CommonsenseERL_EMNLP_2019
CommonsenseERL_EMNLP_2019 copied to clipboard
MaltParser caused nyt event extraction failure
As mentioned in https://github.com/knowitall/ollie/issues/9, the Open IE tool internally used MaltParser for parsing, which can not handle unicode correclty.
So the extraction script in https://github.com/MagiaSN/CommonsenseERL_EMNLP_2019/blob/master/preproc/OpenExtract.scala should add the following code to handle coding exception.
import scala.io.Codec
import java.nio.charset.CodingErrorAction
implicit val codec = Codec("UTF-8")
codec.onMalformedInput(CodingErrorAction.REPLACE)

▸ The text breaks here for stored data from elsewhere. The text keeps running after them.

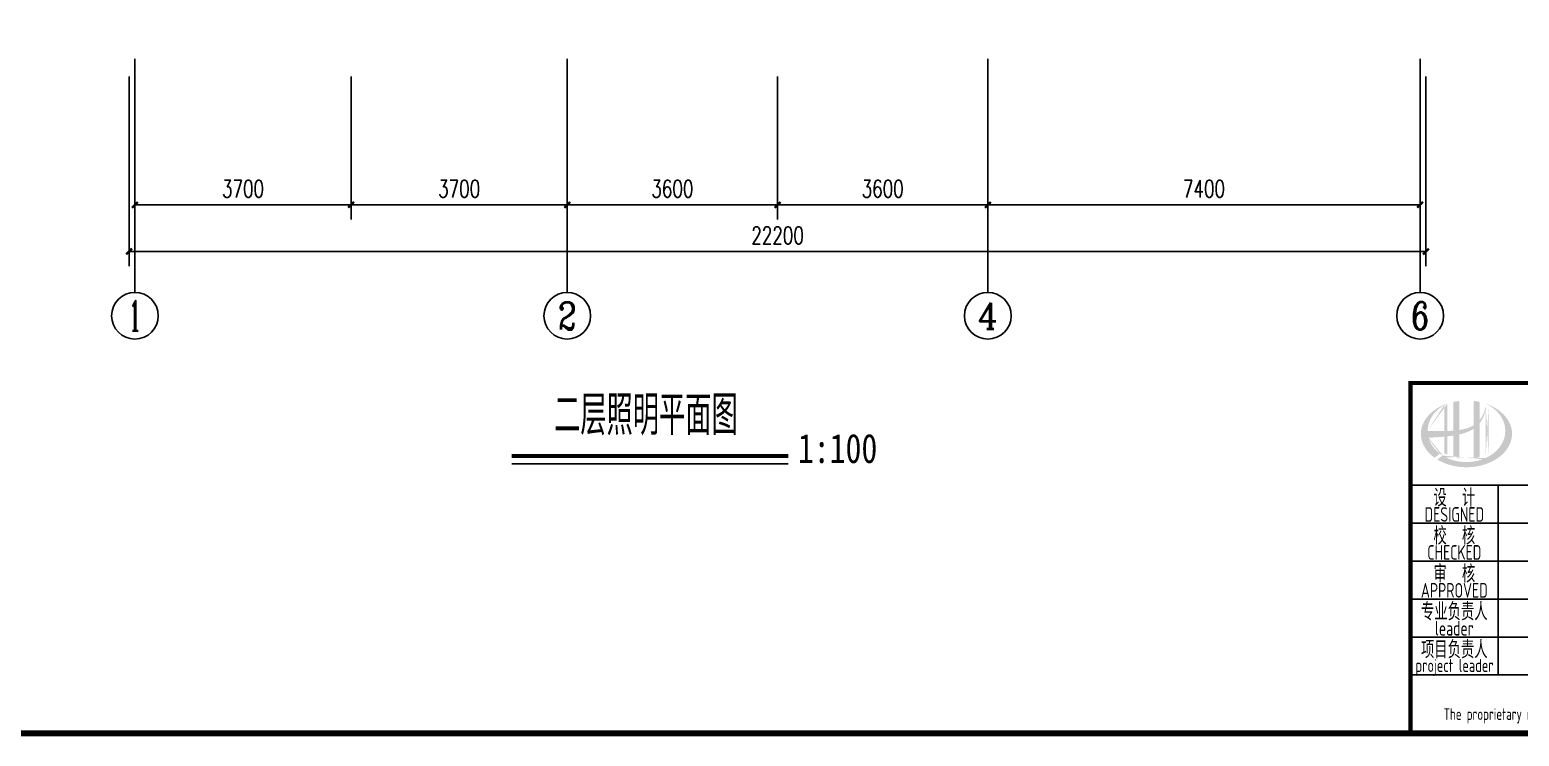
# Model space of a CAD drawing. Extents: x 6250600 to 6678662, y -692028 to -290561.
# Drawn here: x 6277712 to 6303208, y -465433 to -453329 of the extents above; entities that cross this region are included whole.
import ezdxf
from ezdxf.enums import TextEntityAlignment as Align

# ---------------------------------------------------------------- set-up
doc = ezdxf.new("R2010")
doc.units = 0
doc.header["$LTSCALE"] = 1000
doc.header["$MEASUREMENT"] = 0
doc.layers.get('0').update_dxf_attribs({"linetype": 'CONTINUOUS'})
doc.layers.get('Defpoints').update_dxf_attribs({"linetype": 'CONTINUOUS'})
for name, color, linetype in [('AXIS_TEXT', 7, 'CONTINUOUS'), ('PUB_TITLE', 4, 'CONTINUOUS'), ('图名', 15, 'CONTINUOUS'), ('建筑底图', 251, 'CONTINUOUS')]:
    doc.layers.add(name, color=color, linetype=linetype)
doc.styles.add('_TCH_AXIS', font='COMPLEX', dxfattribs={"bigfont": 'GBCBIG'})
doc.styles.add('_TCH_DIM_T3', font='SIMPLEX', dxfattribs={"width": 0.705882, "bigfont": 'GBCBIG'})
doc.styles.add('AHD', font='sceie.shx', dxfattribs={"width": 0.7, "bigfont": 'sceic.shx'})
doc.styles.add('COMPLEX', font='COMPLEX')
doc.styles.add('sceie', font='sceie.shx', dxfattribs={"width": 0.7, "bigfont": 'sceic.shx'})
doc.styles.add('宋体', font='', dxfattribs={"width": 0.7})
doc.styles.get('宋体').set_extended_font_data('SimSun')
doc.dimstyles.new('_TCH_ARCH&&100', dxfattribs={"dimtxt": 297.5, "dimasz": 100, "dimexe": 250, "dimexo": 300, "dimgap": 126.25, "dimtad": 1, "dimdec": 0, "dimzin": 0, "dimdsep": 46, "dimtxsty": '_TCH_DIM_T3', "dimblk": 'ARCHTICK', "dimcen": 0.09, "dimclrt": 7, "dimazin": 2, "dimtfac": 1, "dimtdec": 0, "dimtix": 1, "dimtmove": 2, "dimatfit": 3, "dimfxl": 0, "dimtolj": 1, "dimtzin": 0, "dimarcsym": 0})

# ---------------------------------------------------------------- blocks, each defined once
blk = doc.blocks.new('_AXISO')
blk.add_circle((0, 0), 0.5)
at = {"layer": 'AXIS_TEXT', "style": 'COMPLEX', "width": 1.041667}
blk.add_attdef('A', text='', height=0.56, dxfattribs=at).set_placement((-0.25, -0.28), (0.25, -0.28), align=Align.FIT)
blk = doc.blocks.new('_ArchTick')
at = {"color": 0, "linetype": 'ByBlock', "const_width": 0.4}
blk.add_lwpolyline([(-0.5, -0.5), (0.5, 0.5)], dxfattribs=at)
blk = doc.blocks.new('*D131')
at = {"layer": 'Defpoints', "color": 0, "transparency": 16777216}
for p in [(6279412, -453828), (6301612, -453828), (6301612, -457128)]:
    blk.add_point(p, dxfattribs=at)
at = {"layer": '建筑底图', "color": 0, "lineweight": -2, "transparency": 16777216}
for p, q in [((6279412, -454128), (6279412, -457378)), ((6301612, -454128), (6301612, -457378)), ((6279412, -457128), (6301612, -457128))]:
    blk.add_line(p, q, dxfattribs=at)
at = {"layer": '建筑底图', "color": 0, "lineweight": -2, "transparency": 16777216, "xscale": 100, "yscale": 100, "zscale": 100, "rotation": 180}
blk.add_blockref('_ArchTick', (6279412, -457128), dxfattribs=at)
at = {"layer": '建筑底图', "color": 0, "lineweight": -2, "transparency": 16777216, "xscale": 100, "yscale": 100, "zscale": 100}
blk.add_blockref('_ArchTick', (6301612, -457128), dxfattribs=at)
at = {"layer": '建筑底图', "color": 7, "transparency": 16777216, "insert": (6290512, -456853), "char_height": 297.5, "attachment_point": 5, "style": '_TCH_DIM_T3'}
blk.add_mtext('\\A1;22200', dxfattribs=at)
blk = doc.blocks.new('*D132')
at = {"layer": 'Defpoints', "color": 0, "transparency": 16777216}
for p in [(6279512, -453828), (6283212, -453828), (6283212, -456328)]:
    blk.add_point(p, dxfattribs=at)
at = {"layer": '建筑底图', "color": 0, "lineweight": -2, "transparency": 16777216}
for p, q in [((6279512, -454128), (6279512, -456578)), ((6283212, -454128), (6283212, -456578)), ((6279512, -456328), (6283212, -456328))]:
    blk.add_line(p, q, dxfattribs=at)
at = {"layer": '建筑底图', "color": 0, "lineweight": -2, "transparency": 16777216, "xscale": 100, "yscale": 100, "zscale": 100, "rotation": 180}
blk.add_blockref('_ArchTick', (6279512, -456328), dxfattribs=at)
at = {"layer": '建筑底图', "color": 0, "lineweight": -2, "transparency": 16777216, "xscale": 100, "yscale": 100, "zscale": 100}
blk.add_blockref('_ArchTick', (6283212, -456328), dxfattribs=at)
at = {"layer": '建筑底图', "color": 7, "transparency": 16777216, "insert": (6281362, -456053), "char_height": 297.5, "attachment_point": 5, "style": '_TCH_DIM_T3'}
blk.add_mtext('\\A1;3700', dxfattribs=at)
blk = doc.blocks.new('*D133')
at = {"layer": 'Defpoints', "color": 0, "transparency": 16777216}
for p in [(6283212, -453828), (6286912, -453828), (6286912, -456328)]:
    blk.add_point(p, dxfattribs=at)
at = {"layer": '建筑底图', "color": 0, "lineweight": -2, "transparency": 16777216}
for p, q in [((6283212, -454128), (6283212, -456578)), ((6286912, -454128), (6286912, -456578)), ((6283212, -456328), (6286912, -456328))]:
    blk.add_line(p, q, dxfattribs=at)
at = {"layer": '建筑底图', "color": 0, "lineweight": -2, "transparency": 16777216, "xscale": 100, "yscale": 100, "zscale": 100, "rotation": 180}
blk.add_blockref('_ArchTick', (6283212, -456328), dxfattribs=at)
at = {"layer": '建筑底图', "color": 0, "lineweight": -2, "transparency": 16777216, "xscale": 100, "yscale": 100, "zscale": 100}
blk.add_blockref('_ArchTick', (6286912, -456328), dxfattribs=at)
at = {"layer": '建筑底图', "color": 7, "transparency": 16777216, "insert": (6285062, -456053), "char_height": 297.5, "attachment_point": 5, "style": '_TCH_DIM_T3'}
blk.add_mtext('\\A1;3700', dxfattribs=at)
blk = doc.blocks.new('*D134')
at = {"layer": 'Defpoints', "color": 0, "transparency": 16777216}
for p in [(6286912, -453828), (6290512, -453828), (6290512, -456328)]:
    blk.add_point(p, dxfattribs=at)
at = {"layer": '建筑底图', "color": 0, "lineweight": -2, "transparency": 16777216}
for p, q in [((6286912, -454128), (6286912, -456578)), ((6290512, -454128), (6290512, -456578)), ((6286912, -456328), (6290512, -456328))]:
    blk.add_line(p, q, dxfattribs=at)
at = {"layer": '建筑底图', "color": 0, "lineweight": -2, "transparency": 16777216, "xscale": 100, "yscale": 100, "zscale": 100, "rotation": 180}
blk.add_blockref('_ArchTick', (6286912, -456328), dxfattribs=at)
at = {"layer": '建筑底图', "color": 0, "lineweight": -2, "transparency": 16777216, "xscale": 100, "yscale": 100, "zscale": 100}
blk.add_blockref('_ArchTick', (6290512, -456328), dxfattribs=at)
at = {"layer": '建筑底图', "color": 7, "transparency": 16777216, "insert": (6288712, -456053), "char_height": 297.5, "attachment_point": 5, "style": '_TCH_DIM_T3'}
blk.add_mtext('\\A1;3600', dxfattribs=at)
blk = doc.blocks.new('*D135')
at = {"layer": 'Defpoints', "color": 0, "transparency": 16777216}
for p in [(6290512, -453828), (6294112, -453828), (6294112, -456328)]:
    blk.add_point(p, dxfattribs=at)
at = {"layer": '建筑底图', "color": 0, "lineweight": -2, "transparency": 16777216}
for p, q in [((6290512, -454128), (6290512, -456578)), ((6294112, -454128), (6294112, -456578)), ((6290512, -456328), (6294112, -456328))]:
    blk.add_line(p, q, dxfattribs=at)
at = {"layer": '建筑底图', "color": 0, "lineweight": -2, "transparency": 16777216, "xscale": 100, "yscale": 100, "zscale": 100, "rotation": 180}
blk.add_blockref('_ArchTick', (6290512, -456328), dxfattribs=at)
at = {"layer": '建筑底图', "color": 0, "lineweight": -2, "transparency": 16777216, "xscale": 100, "yscale": 100, "zscale": 100}
blk.add_blockref('_ArchTick', (6294112, -456328), dxfattribs=at)
at = {"layer": '建筑底图', "color": 7, "transparency": 16777216, "insert": (6292312, -456053), "char_height": 297.5, "attachment_point": 5, "style": '_TCH_DIM_T3'}
blk.add_mtext('\\A1;3600', dxfattribs=at)
blk = doc.blocks.new('*D136')
at = {"layer": 'Defpoints', "color": 0, "transparency": 16777216}
for p in [(6294112, -453828), (6301512, -453828), (6301512, -456328)]:
    blk.add_point(p, dxfattribs=at)
at = {"layer": '建筑底图', "color": 0, "lineweight": -2, "transparency": 16777216}
for p, q in [((6294112, -454128), (6294112, -456578)), ((6301512, -454128), (6301512, -456578)), ((6294112, -456328), (6301512, -456328))]:
    blk.add_line(p, q, dxfattribs=at)
at = {"layer": '建筑底图', "color": 0, "lineweight": -2, "transparency": 16777216, "xscale": 100, "yscale": 100, "zscale": 100, "rotation": 180}
blk.add_blockref('_ArchTick', (6294112, -456328), dxfattribs=at)
at = {"layer": '建筑底图', "color": 0, "lineweight": -2, "transparency": 16777216, "xscale": 100, "yscale": 100, "zscale": 100}
blk.add_blockref('_ArchTick', (6301512, -456328), dxfattribs=at)
at = {"layer": '建筑底图', "color": 7, "transparency": 16777216, "insert": (6297812, -456053), "char_height": 297.5, "attachment_point": 5, "style": '_TCH_DIM_T3'}
blk.add_mtext('\\A1;7400', dxfattribs=at)

msp = doc.modelspace()

# ---------------------------------------------------------------- hatches: boundary and pattern name
h = msp.add_hatch(color=256)
edge = h.paths.add_edge_path()
edge.add_spline(control_points=[(6302183.4, -460261), (6302189.5, -460259.6), (6302195.6, -460258.2), (6302244.7, -460246.3), (6302287.3, -460233.3), (6302362.2, -460202.2), (6302395.2, -460185.3), (6302426, -460164.7)], knot_values=[61.629012, 61.629012, 61.629012, 61.629012, 63.3304306, 63.3304306, 75.3536336, 75.3536336, 85.3986489, 85.3986489, 85.3986489, 85.3986489], degree=3, periodic=0)
edge.add_line((6302426, -460164.7), (6302426, -460674.9))
edge.add_spline(control_points=[(6302426, -460674.9), (6302443.2, -460672.1), (6302460.2, -460668.8), (6302495, -460660.7), (6302512.7, -460655.9), (6302530, -460650.5)], knot_values=[4.9084564, 4.9084564, 4.9084564, 4.9084564, 4.9928212, 4.9928212, 5.0830337, 5.0830337, 5.0830337, 5.0830337], degree=3, periodic=0)
edge.add_line((6302530, -460650.5), (6302530, -460069))
edge.add_spline(control_points=[(6302530, -460069), (6302538.7, -460058.1), (6302546.9, -460046.7), (6302573, -460007.1), (6302588.6, -459977.1), (6302617.9, -459904.3), (6302629.1, -459860.6), (6302633.8, -459815.2), (6302633.9, -459814), (6302634, -459812.7)], knot_values=[97.9917441, 97.9917441, 97.9917441, 97.9917441, 101.6421898, 101.6421898, 110.3379755, 110.3379755, 121.9343221, 121.9343221, 122.2706915, 122.2706915, 122.2706915, 122.2706915], degree=3, periodic=0)
edge.add_line((6302634, -459812.7), (6302634, -459742.3))
edge.add_spline(control_points=[(6302634, -459742.3), (6302634, -459749.9), (6302633.6, -459757.6), (6302633, -459765.3)], knot_values=[126.194075, 126.194075, 126.194075, 126.194075, 128.3967624, 128.3967624, 128.3967624, 128.3967624], degree=3, periodic=0)
edge.add_spline(control_points=[(6302633, -459765.3), (6302632.6, -459771.5), (6302631.9, -459777.7), (6302631.2, -459783.9)], knot_values=[124.4170495, 124.4170495, 124.4170495, 124.4170495, 126.194075, 126.194075, 126.194075, 126.194075], degree=3, periodic=0)
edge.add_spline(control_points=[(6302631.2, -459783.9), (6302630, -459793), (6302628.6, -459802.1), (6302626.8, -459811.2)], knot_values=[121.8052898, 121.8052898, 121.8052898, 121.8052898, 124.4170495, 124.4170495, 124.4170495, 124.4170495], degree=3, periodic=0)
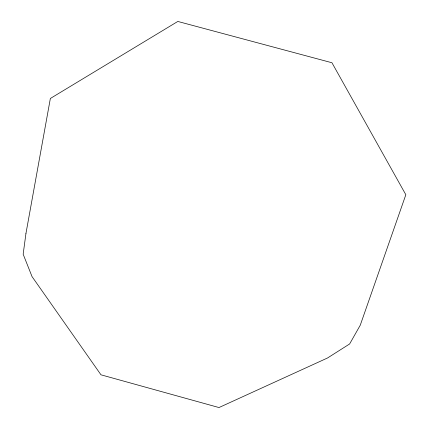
<?xml version="1.0" encoding="UTF-8"?>
<svg xmlns="http://www.w3.org/2000/svg" width="429" height="429" viewBox="0 0 429 429"><rect width="100%" height="100%" fill="white"/><g stroke="black" fill="none" stroke-linecap="round" stroke-linejoin="round"><path stroke-width="0.64" d="M25.949 233.467L23.161 254.215L32.041 276.603L100.976 374.812L218.983 407.55L327.536 357.984L349.63 343.961L360.263 325.193L405.839 194.728L331.955 62.752L177.815 21.45L50.359 98.472L25.949 233.467"/></g></svg>
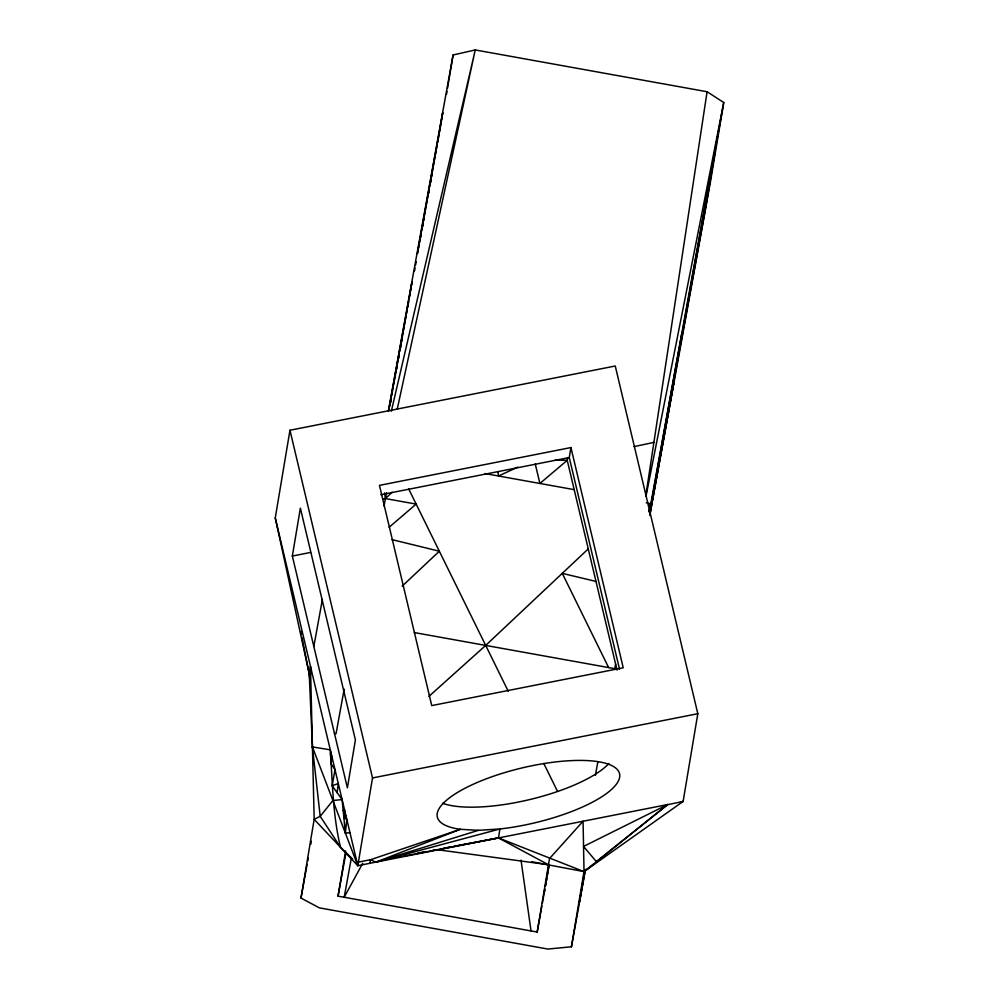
<?xml version="1.0" encoding="UTF-8"?>
<svg xmlns="http://www.w3.org/2000/svg" width="999" height="999" viewBox="0 0 999 999"><rect width="100%" height="100%" fill="white"/><g stroke="black" fill="none" stroke-linecap="round" stroke-linejoin="round"><path stroke-width="1.5" d="M340.547 847.352C332.754 815.421 332.53 782.142 330.282 749.837L275.262 517.932L289.96 430.244L615.259 366.009L697.814 713.711L683.116 801.448L584.015 871.628L571.44 946.79L547.852 949.05L319.38 907.866L300.999 898.051L314.173 819.342L310.489 666.445L309.24 673.913L312.425 746.915L320.204 816.32L340.547 847.352L352.635 859.003M349.962 832.617L345.367 833.104L346.828 819.405L343.881 817.844L344.605 810.039L343.181 810.589M337.125 792.657L338.299 783.516L332.143 785.751L342.108 799.575L357.817 865.683L667.694 804.545L584.015 871.628L531.618 861.7M645.966 494.68L707.092 91.733L475.249 49.95L453.084 54.982L388.449 410.651M332.143 785.751L335.027 769.754L331.006 763.736L332.068 757.292L330.282 749.837L312.425 746.915L313.137 749.887M403.746 856.143L498.451 837.911L499.937 828.97A93.681 28.184 -13.4 0 0 619.73 774.849A93.681 28.184 -13.4 0 0 494.38 775.898A93.681 28.184 -13.4 0 0 460.327 829.307L375.711 862.199L370.579 859.702L358.416 862.1M292.345 556.043L300.374 508.154L355.407 739.959L347.39 787.836L292.345 556.043L310.602 552.435M409.503 296.978L412.013 282.018L388.474 411.401M417.457 253.471L442.757 112.687L439.51 132.143M446.503 94.331L447.015 91.309M447.515 88.274L453.084 54.982M541.883 906.031L537.187 932.042L338.037 896.153L345.617 850.923M289.96 430.244L372.515 777.946L357.817 865.683L314.173 819.342L320.204 816.32L332.904 800.511L342.108 799.575L345.367 833.104M369.98 863.286L370.579 859.702L460.327 829.307L478.434 830.331L499.937 828.97L375.711 862.199L478.434 830.331M567.707 457.542L567.232 460.327L617.045 670.104M619.53 669.205L569.268 457.542L570.941 447.564L379.458 485.377L431.743 705.594L623.226 667.782L570.941 447.564M537.187 932.042L549.537 858.541L583.079 821.228L584.015 871.628L498.451 837.911L454.395 846.203M544.393 892.02L544.892 888.973L542.432 902.971M545.404 885.926L548.963 864.635M584.615 871.053L579.532 901.485L585.314 869.355M681.805 333.541L649.75 511.863M545.466 886.138L546.915 878.233M547.464 875.174L548.014 872.115M548.501 869.305L549.05 866.245M313.823 646.503L322.39 599.4M389.672 406.481L391.046 398.876M391.608 395.829L392.982 388.224M393.544 385.177L396.029 371.478M396.578 368.431L397.964 360.826M398.514 357.779L399.076 354.732M399.625 351.698L401.011 344.081M401.561 341.046L405.981 316.695M406.543 313.649L407.093 310.602M407.642 307.555L408.753 301.473M417.482 253.446L419.955 239.797M420.517 236.763L421.066 233.729M421.615 230.694L422.989 223.114M423.539 220.08L427.959 195.816M428.509 192.782L429.058 189.748M429.607 186.713L430.981 179.133M431.543 176.099L435.951 151.836M436.501 148.801L437.05 145.767M437.599 142.732L438.973 135.152M390.597 402.659L391.146 399.612M396.678 369.18L397.227 366.133M398.613 358.529L399.163 355.482M400.549 347.877L401.099 344.83M401.66 341.783L402.21 338.736M414.535 270.929L415.084 267.894M415.634 264.86L416.183 261.825M420.591 237.562L421.153 234.528M422.527 226.948L423.077 223.913M423.626 220.879L424.175 217.844M428.596 193.581L429.145 190.547M430.519 182.967L431.068 179.932M431.618 176.898L432.167 173.863M300.999 898.051L307.13 864.285M307.692 861.213L308.241 858.141M310.764 844.33L311.313 841.258M344.156 689.16L336.076 733.641L334.453 733.341M384.053 506.131L386.501 492.644M338.037 896.153L345.991 852.609M351.311 858.228L344.193 897.264L362.712 863.298M595.379 775.399L597.877 761.675M615.609 664.073L614.772 668.681L414.36 632.567M649.25 512.362L723.738 102.522L707.092 91.733M649.949 514.135L673.875 382.417L649.825 513.374M571.44 946.79L585.389 870.054M649.825 515.496L710.364 182.43L723.738 102.522L646.003 496.266M397.302 408.816L475.249 49.95L391.333 411.238M358.117 864.297L357.817 865.683L312.425 746.915M648.851 511.338L650.774 503.946L646.291 502.759M331.493 754.932L331.156 757.404L332.068 757.292L342.108 799.575M392.182 492.22L385.427 498.576L382.754 499.313M402.172 586.176L439.335 551.211L391.908 539.597M588.261 548.901L485.689 645.416L428.921 696.39M389.135 527.272L416.158 504.108L385.427 498.576L384.515 492.857M343.881 817.844L346.029 816.033M648.426 505.756L650.774 503.946M584.015 871.628L593.918 864.048M596.391 862.149L603.808 856.468M331.156 752.334L330.444 752.697L331.006 763.736M517.719 467.132L498.526 476.011L497.839 471.653M680.331 802.309L683.116 801.448L667.669 804.682M634.078 446.615L653.895 442.395M380.831 494.755L569.268 457.542M372.515 777.946L697.814 713.711M417.807 853.084L425.449 851.635M433.104 850.199L438.711 849.887L548.463 864.734L498.451 837.911M443.768 848.201L451.361 846.765M397.664 857.229L400.699 856.692M555.207 460.027L567.232 460.327L539.91 483.466L535.252 464.011M485.027 473.576L574.2 489.647M595.991 581.43L562.275 573.364L608.628 667.569M408.653 488.861L508.254 691.271M543.818 763.523L557.492 791.32M275.262 517.932L309.24 673.913L310.239 683.216M300.736 631.493L301.348 634.515M301.96 637.549L309.24 673.913M521.016 860.114L531.043 930.943M608.866 763.536A93.681 28.184 -13.4 0 1 529.832 799.537A93.681 28.184 -13.4 0 1 442.594 803.271M715.184 150.587L705.769 206.88L666.932 418.319L715.184 150.587M667.694 804.545L596.415 861.7L583.541 846.428L667.694 804.545"/></g></svg>

codec.onUnmappableCharacter(CodingErrorAction.REPLACE)
Thanks for your investigation, but I don't seem to encounter this issue while processing the NYT dataset.
Anyway, this enhancement looks good to me, so feel free to open a pull request if it solves your problem😄
Thanks for the reply. I would pull a requet later. By the way, I have the following question concerning the preprocess of atomic dataset. Would appreciate your clarification!
- How do you generate embeddings for PersonX and PersonY?
- There are many placeholders in atomic events like "PersonX | reaches | another ___ ". How do you handle the such case?
- We use the average of 200 common English names as initial embedding of PersonX and PersonY. You can download Glove with these extra embeddings from links in README:
The pretrained word embedding can be downloaded from google drive or baidu netdisk. We add embeddings for word "PersonX" and "PersonY" to the original Glove word embedding.
- We just ignore placeholders and they will use the UNK embedding.